[Data items]
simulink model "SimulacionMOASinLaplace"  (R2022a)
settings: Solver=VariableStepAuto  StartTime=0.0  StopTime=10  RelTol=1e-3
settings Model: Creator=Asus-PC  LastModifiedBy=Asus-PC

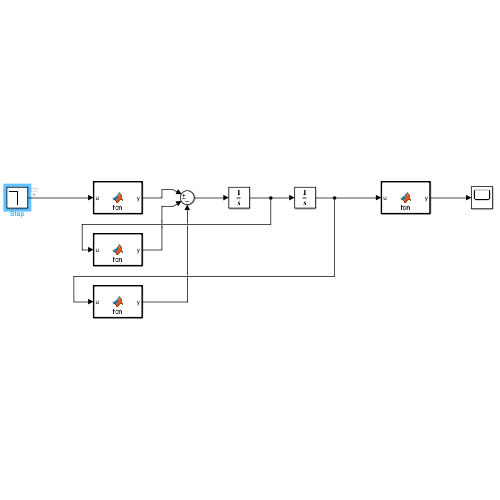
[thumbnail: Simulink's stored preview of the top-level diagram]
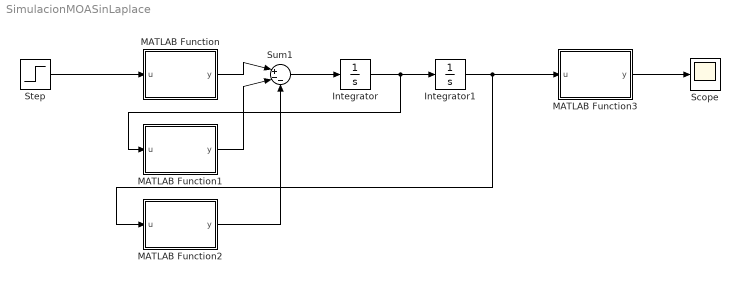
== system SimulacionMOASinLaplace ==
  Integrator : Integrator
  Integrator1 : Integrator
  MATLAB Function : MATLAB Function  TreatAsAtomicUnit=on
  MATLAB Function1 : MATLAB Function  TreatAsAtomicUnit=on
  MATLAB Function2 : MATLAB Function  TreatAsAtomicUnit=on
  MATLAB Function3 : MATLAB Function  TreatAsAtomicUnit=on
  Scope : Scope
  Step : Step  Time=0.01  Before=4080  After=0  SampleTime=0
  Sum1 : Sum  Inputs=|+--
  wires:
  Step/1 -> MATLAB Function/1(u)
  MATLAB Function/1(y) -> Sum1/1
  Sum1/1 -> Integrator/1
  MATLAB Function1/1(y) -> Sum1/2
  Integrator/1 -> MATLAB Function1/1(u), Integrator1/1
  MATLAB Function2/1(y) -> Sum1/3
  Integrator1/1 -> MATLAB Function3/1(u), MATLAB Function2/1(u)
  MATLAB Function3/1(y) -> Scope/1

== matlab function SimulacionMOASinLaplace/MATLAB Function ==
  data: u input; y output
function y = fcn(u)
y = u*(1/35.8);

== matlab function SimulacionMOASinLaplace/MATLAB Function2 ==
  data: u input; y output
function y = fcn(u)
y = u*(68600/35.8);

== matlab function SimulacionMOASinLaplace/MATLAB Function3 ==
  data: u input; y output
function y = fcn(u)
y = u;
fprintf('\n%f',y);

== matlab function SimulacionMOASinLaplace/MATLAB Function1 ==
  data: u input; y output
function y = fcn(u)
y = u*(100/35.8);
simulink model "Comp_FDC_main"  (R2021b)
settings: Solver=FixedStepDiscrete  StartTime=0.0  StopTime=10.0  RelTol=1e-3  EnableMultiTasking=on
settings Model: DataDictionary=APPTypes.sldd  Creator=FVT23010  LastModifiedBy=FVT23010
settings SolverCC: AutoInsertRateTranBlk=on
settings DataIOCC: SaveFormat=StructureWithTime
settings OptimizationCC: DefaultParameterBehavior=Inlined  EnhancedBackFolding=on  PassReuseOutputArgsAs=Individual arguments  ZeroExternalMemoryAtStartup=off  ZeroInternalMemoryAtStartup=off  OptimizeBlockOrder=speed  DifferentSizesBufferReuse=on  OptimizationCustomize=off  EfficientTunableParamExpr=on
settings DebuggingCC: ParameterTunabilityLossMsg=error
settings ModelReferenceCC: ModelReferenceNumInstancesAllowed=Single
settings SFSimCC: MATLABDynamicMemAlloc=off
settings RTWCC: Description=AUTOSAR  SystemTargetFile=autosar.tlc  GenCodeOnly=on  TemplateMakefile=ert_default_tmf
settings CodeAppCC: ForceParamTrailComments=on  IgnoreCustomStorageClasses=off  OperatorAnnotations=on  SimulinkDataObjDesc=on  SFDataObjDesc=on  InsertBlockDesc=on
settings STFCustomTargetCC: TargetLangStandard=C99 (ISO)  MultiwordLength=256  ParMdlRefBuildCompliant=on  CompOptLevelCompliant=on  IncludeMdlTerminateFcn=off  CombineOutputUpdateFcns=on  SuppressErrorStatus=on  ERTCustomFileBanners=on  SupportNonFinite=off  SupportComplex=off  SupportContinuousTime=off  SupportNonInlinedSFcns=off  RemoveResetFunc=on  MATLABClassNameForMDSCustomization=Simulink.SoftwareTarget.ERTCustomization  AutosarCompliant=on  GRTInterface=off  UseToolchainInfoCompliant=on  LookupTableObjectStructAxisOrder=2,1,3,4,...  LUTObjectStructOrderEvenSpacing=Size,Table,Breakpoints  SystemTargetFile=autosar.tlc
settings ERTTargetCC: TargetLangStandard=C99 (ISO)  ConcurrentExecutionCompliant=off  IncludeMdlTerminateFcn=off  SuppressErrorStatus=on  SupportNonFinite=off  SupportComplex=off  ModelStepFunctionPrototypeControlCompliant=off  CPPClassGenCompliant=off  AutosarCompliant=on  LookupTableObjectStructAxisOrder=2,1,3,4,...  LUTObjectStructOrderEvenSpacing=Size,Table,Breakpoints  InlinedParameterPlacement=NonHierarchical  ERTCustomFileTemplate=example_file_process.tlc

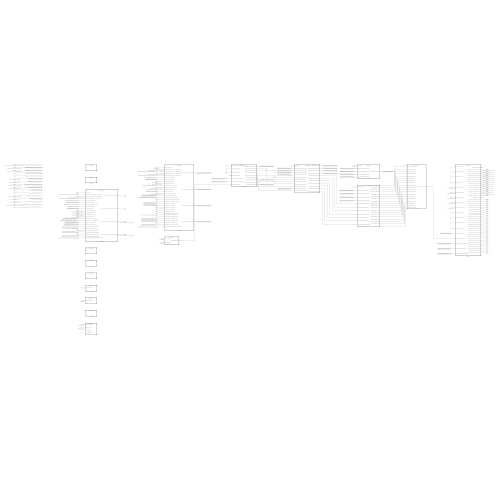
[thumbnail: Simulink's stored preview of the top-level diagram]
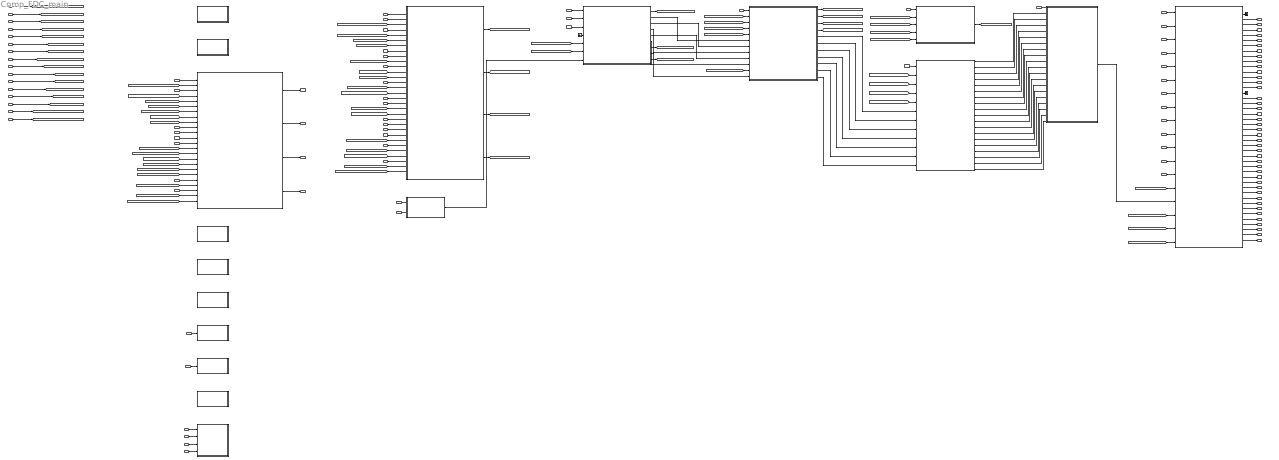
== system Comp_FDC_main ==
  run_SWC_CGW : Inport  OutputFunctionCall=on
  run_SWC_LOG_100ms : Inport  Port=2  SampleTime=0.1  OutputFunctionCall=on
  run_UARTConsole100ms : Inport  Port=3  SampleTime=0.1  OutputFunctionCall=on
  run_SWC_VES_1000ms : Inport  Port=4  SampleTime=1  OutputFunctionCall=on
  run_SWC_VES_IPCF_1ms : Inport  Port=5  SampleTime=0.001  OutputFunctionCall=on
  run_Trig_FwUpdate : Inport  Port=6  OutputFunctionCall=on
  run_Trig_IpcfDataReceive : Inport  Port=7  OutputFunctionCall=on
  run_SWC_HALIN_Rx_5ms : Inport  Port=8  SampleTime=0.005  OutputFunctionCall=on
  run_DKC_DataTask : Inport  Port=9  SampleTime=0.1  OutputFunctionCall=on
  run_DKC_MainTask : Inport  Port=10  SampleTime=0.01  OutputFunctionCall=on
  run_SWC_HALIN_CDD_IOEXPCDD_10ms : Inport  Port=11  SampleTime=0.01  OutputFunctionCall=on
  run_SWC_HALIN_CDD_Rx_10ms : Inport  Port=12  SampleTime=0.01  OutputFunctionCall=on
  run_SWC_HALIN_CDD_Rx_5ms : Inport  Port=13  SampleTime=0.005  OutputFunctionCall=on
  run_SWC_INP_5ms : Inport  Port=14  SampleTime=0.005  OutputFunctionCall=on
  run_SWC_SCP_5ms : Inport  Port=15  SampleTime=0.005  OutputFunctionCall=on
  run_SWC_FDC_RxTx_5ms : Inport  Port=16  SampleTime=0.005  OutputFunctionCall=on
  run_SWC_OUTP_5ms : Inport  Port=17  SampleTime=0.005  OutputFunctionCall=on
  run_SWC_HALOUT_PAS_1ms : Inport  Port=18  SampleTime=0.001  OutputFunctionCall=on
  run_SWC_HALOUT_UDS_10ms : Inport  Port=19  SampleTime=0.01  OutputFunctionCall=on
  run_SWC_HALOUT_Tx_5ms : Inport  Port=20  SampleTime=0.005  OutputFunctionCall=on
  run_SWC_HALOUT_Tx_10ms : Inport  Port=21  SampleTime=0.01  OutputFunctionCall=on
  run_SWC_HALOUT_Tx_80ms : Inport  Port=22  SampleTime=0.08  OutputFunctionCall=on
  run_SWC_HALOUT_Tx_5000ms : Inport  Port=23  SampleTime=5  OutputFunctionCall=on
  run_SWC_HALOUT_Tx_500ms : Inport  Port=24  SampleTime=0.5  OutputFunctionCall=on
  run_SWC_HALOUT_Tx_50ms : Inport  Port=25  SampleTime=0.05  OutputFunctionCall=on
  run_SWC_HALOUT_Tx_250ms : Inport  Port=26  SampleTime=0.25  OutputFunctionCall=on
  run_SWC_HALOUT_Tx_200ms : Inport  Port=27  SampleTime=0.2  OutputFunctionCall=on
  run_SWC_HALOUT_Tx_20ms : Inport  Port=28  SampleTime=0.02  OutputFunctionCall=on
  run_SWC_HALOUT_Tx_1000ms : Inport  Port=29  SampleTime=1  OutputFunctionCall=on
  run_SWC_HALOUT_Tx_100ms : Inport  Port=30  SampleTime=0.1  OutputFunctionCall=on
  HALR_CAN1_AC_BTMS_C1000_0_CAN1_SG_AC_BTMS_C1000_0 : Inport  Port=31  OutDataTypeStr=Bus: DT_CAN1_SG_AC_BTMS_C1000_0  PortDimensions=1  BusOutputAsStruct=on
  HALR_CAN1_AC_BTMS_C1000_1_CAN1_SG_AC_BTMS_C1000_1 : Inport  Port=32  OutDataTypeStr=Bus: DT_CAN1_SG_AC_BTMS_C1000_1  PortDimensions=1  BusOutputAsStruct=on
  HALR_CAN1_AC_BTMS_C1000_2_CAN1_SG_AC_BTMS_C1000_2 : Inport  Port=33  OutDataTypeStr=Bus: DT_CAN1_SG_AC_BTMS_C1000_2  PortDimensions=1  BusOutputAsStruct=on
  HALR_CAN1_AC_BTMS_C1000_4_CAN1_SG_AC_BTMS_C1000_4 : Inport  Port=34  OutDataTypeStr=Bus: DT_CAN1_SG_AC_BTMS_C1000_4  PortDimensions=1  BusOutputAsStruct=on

(Activity)
Scan the lines above for "run_SWC_VES_IPCF_1ms : Inport" and for "HALR_CAN1_AC_BTMS_C1000_0_CAN1_SG_AC_BTMS_C1000_0 : Inport". Repeat exactly the line holding each of them and every line in between.

(Task output)
  run_SWC_VES_IPCF_1ms : Inport  Port=5  SampleTime=0.001  OutputFunctionCall=on
  run_Trig_FwUpdate : Inport  Port=6  OutputFunctionCall=on
  run_Trig_IpcfDataReceive : Inport  Port=7  OutputFunctionCall=on
  run_SWC_HALIN_Rx_5ms : Inport  Port=8  SampleTime=0.005  OutputFunctionCall=on
  run_DKC_DataTask : Inport  Port=9  SampleTime=0.1  OutputFunctionCall=on
  run_DKC_MainTask : Inport  Port=10  SampleTime=0.01  OutputFunctionCall=on
  run_SWC_HALIN_CDD_IOEXPCDD_10ms : Inport  Port=11  SampleTime=0.01  OutputFunctionCall=on
  run_SWC_HALIN_CDD_Rx_10ms : Inport  Port=12  SampleTime=0.01  OutputFunctionCall=on
  run_SWC_HALIN_CDD_Rx_5ms : Inport  Port=13  SampleTime=0.005  OutputFunctionCall=on
  run_SWC_INP_5ms : Inport  Port=14  SampleTime=0.005  OutputFunctionCall=on
  run_SWC_SCP_5ms : Inport  Port=15  SampleTime=0.005  OutputFunctionCall=on
  run_SWC_FDC_RxTx_5ms : Inport  Port=16  SampleTime=0.005  OutputFunctionCall=on
  run_SWC_OUTP_5ms : Inport  Port=17  SampleTime=0.005  OutputFunctionCall=on
  run_SWC_HALOUT_PAS_1ms : Inport  Port=18  SampleTime=0.001  OutputFunctionCall=on
  run_SWC_HALOUT_UDS_10ms : Inport  Port=19  SampleTime=0.01  OutputFunctionCall=on
  run_SWC_HALOUT_Tx_5ms : Inport  Port=20  SampleTime=0.005  OutputFunctionCall=on
  run_SWC_HALOUT_Tx_10ms : Inport  Port=21  SampleTime=0.01  OutputFunctionCall=on
  run_SWC_HALOUT_Tx_80ms : Inport  Port=22  SampleTime=0.08  OutputFunctionCall=on
  run_SWC_HALOUT_Tx_5000ms : Inport  Port=23  SampleTime=5  OutputFunctionCall=on
  run_SWC_HALOUT_Tx_500ms : Inport  Port=24  SampleTime=0.5  OutputFunctionCall=on
  run_SWC_HALOUT_Tx_50ms : Inport  Port=25  SampleTime=0.05  OutputFunctionCall=on
  run_SWC_HALOUT_Tx_250ms : Inport  Port=26  SampleTime=0.25  OutputFunctionCall=on
  run_SWC_HALOUT_Tx_200ms : Inport  Port=27  SampleTime=0.2  OutputFunctionCall=on
  run_SWC_HALOUT_Tx_20ms : Inport  Port=28  SampleTime=0.02  OutputFunctionCall=on
  run_SWC_HALOUT_Tx_1000ms : Inport  Port=29  SampleTime=1  OutputFunctionCall=on
  run_SWC_HALOUT_Tx_100ms : Inport  Port=30  SampleTime=0.1  OutputFunctionCall=on
  HALR_CAN1_AC_BTMS_C1000_0_CAN1_SG_AC_BTMS_C1000_0 : Inport  Port=31  OutDataTypeStr=Bus: DT_CAN1_SG_AC_BTMS_C1000_0  PortDimensions=1  BusOutputAsStruct=on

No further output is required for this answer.